The Elk Mountain Hotel, also known as the John S. Evans Hotel, Mountain View Hotel and Grandview Hotel was built in 1905 in Elk Mountain, Wyoming on the bank of the Medicine Bow River. The two-story wood-frame building was built next to the 1880 Garden Spot Pavilion, a dance hall that was a social center in an otherwise isolated portion of Wyoming. The hotel was built by John Evans, the owner of the Elk Mountain Saloon, who in 1903 had acquired the Pavilion. Evans catered to the mining trade through the 1930s. By that time better roads allowed tourism to increase, and the hotel provided accommodation to hunters and tourists. Evans sold the property in 1947 to Mark and Lucille Jackson, who remodeled the hotel and the pavilion.

The hotel features a two-story porch on the narrow front facade. Guest rooms are primarily on the second floor, with public rooms below.

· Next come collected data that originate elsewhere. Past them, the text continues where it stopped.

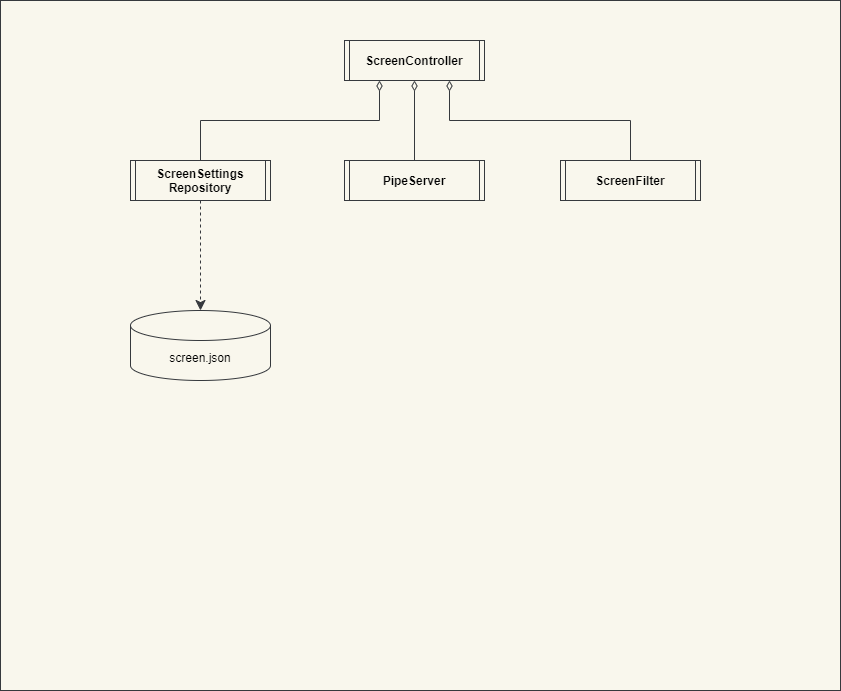

The diagram above was exported from draw.io. Its source (the exported page's mxGraphModel, read from the mxfile embedded in the PNG):
<mxGraphModel dx="1106" dy="702" grid="1" gridSize="10" guides="1" tooltips="1" connect="1" arrows="1" fold="1" page="1" pageScale="1" pageWidth="827" pageHeight="1169" math="0" shadow="0">
  <root>
    <mxCell id="0" />
    <mxCell id="1" parent="0" />
    <mxCell id="2" value="" style="rounded=0;whiteSpace=wrap;html=1;fillColor=#f9f7ed;strokeColor=#36393d;" parent="1" vertex="1">
      <mxGeometry width="840" height="690" as="geometry" />
    </mxCell>
    <mxCell id="3" value="ScreenController" style="shape=process2;fixedSize=1;size=5;fontStyle=1;fillColor=#f9f7ed;strokeColor=#36393d;fontColor=#000000;" parent="1" vertex="1">
      <mxGeometry x="344" y="40" width="140" height="40" as="geometry" />
    </mxCell>
    <mxCell id="4" value="PipeServer" style="shape=process2;fixedSize=1;size=5;fontStyle=1;fillColor=#f9f7ed;strokeColor=#36393d;fontColor=#000000;" parent="1" vertex="1">
      <mxGeometry x="344" y="160" width="140" height="40" as="geometry" />
    </mxCell>
    <mxCell id="5" value="ScreenFilter" style="shape=process2;fixedSize=1;size=5;fontStyle=1;fillColor=#f9f7ed;strokeColor=#36393d;fontColor=#000000;" parent="1" vertex="1">
      <mxGeometry x="560" y="160" width="140" height="40" as="geometry" />
    </mxCell>
    <mxCell id="6" value="ScreenSettings&#10;Repository" style="shape=process2;fixedSize=1;size=5;fontStyle=1;fillColor=#f9f7ed;strokeColor=#36393d;fontColor=#000000;" parent="1" vertex="1">
      <mxGeometry x="130" y="160" width="140" height="40" as="geometry" />
    </mxCell>
    <mxCell id="7" value="" style="endArrow=none;startArrow=diamondThin;endFill=0;startFill=0;html=1;verticalAlign=bottom;labelBackgroundColor=none;strokeWidth=1;startSize=8;endSize=8;exitX=0.25;exitY=1;exitDx=0;exitDy=0;entryX=0.5;entryY=0;entryDx=0;entryDy=0;fillColor=#f9f7ed;strokeColor=#36393d;rounded=0;edgeStyle=orthogonalEdgeStyle;" parent="1" source="3" target="6" edge="1">
      <mxGeometry width="160" relative="1" as="geometry">
        <mxPoint x="389.99999999999955" y="160" as="sourcePoint" />
        <mxPoint x="250" y="260" as="targetPoint" />
      </mxGeometry>
    </mxCell>
    <mxCell id="8" value="" style="endArrow=none;startArrow=diamondThin;endFill=0;startFill=0;html=1;verticalAlign=bottom;labelBackgroundColor=none;strokeWidth=1;startSize=8;endSize=8;exitX=0.75;exitY=1;exitDx=0;exitDy=0;entryX=0.5;entryY=0;entryDx=0;entryDy=0;fillColor=#f9f7ed;strokeColor=#36393d;rounded=0;edgeStyle=orthogonalEdgeStyle;" parent="1" source="3" target="5" edge="1">
      <mxGeometry width="160" relative="1" as="geometry">
        <mxPoint x="389" y="90" as="sourcePoint" />
        <mxPoint x="210" y="170" as="targetPoint" />
      </mxGeometry>
    </mxCell>
    <mxCell id="9" value="" style="endArrow=none;startArrow=diamondThin;endFill=0;startFill=0;html=1;verticalAlign=bottom;labelBackgroundColor=none;strokeWidth=1;startSize=8;endSize=8;exitX=0.5;exitY=1;exitDx=0;exitDy=0;entryX=0.5;entryY=0;entryDx=0;entryDy=0;fillColor=#f9f7ed;strokeColor=#36393d;rounded=0;edgeStyle=orthogonalEdgeStyle;" parent="1" source="3" target="4" edge="1">
      <mxGeometry width="160" relative="1" as="geometry">
        <mxPoint x="399" y="100" as="sourcePoint" />
        <mxPoint x="220" y="180" as="targetPoint" />
      </mxGeometry>
    </mxCell>
    <mxCell id="10" value="&lt;font color=&quot;#000000&quot;&gt;screen.json&lt;/font&gt;" style="shape=cylinder3;whiteSpace=wrap;html=1;boundedLbl=1;backgroundOutline=1;size=15;fillColor=#f9f7ed;strokeColor=#36393d;" parent="1" vertex="1">
      <mxGeometry x="130" y="310" width="140" height="70" as="geometry" />
    </mxCell>
    <mxCell id="11" value="" style="endArrow=classic;startArrow=none;endFill=1;startFill=0;endSize=8;html=1;verticalAlign=bottom;dashed=1;labelBackgroundColor=none;exitX=0.5;exitY=1;exitDx=0;exitDy=0;fillColor=#f9f7ed;strokeColor=#36393d;entryX=0.5;entryY=0;entryDx=0;entryDy=0;entryPerimeter=0;" parent="1" source="6" target="10" edge="1">
      <mxGeometry width="160" relative="1" as="geometry">
        <mxPoint x="199.99999999999955" y="200" as="sourcePoint" />
        <mxPoint x="-10" y="320" as="targetPoint" />
      </mxGeometry>
    </mxCell>
  </root>
</mxGraphModel>

The Garden Spot Pavilion was built in 1880 by John S. Jones and expanded in 1920 by Evans. The pavilion attracted major bands during the Big Band Era as well as country and western musicians. Despite the town's isolation patrons would travel up to 200 mi and bands would play to a packed house. The pavilion featured a sprung dance floor, accomplished by laying the finish floor over widely spaced pine logs, encircled by seating areas. The exterior featured a stepped false front that concealed the gabled roof. Performers playing at the Garden Spot included Lawrence Welk, Tommy Dorsey, Louis Armstrong, Hank Thompson and Jim Reeves. The pavilion was demolished in the early 2000s after it had become deteriorated.

The Elk Mountain Hotel and the now-demolished Garden Spot Pavilion were placed on the National Register of Historic Places on October 10, 1986.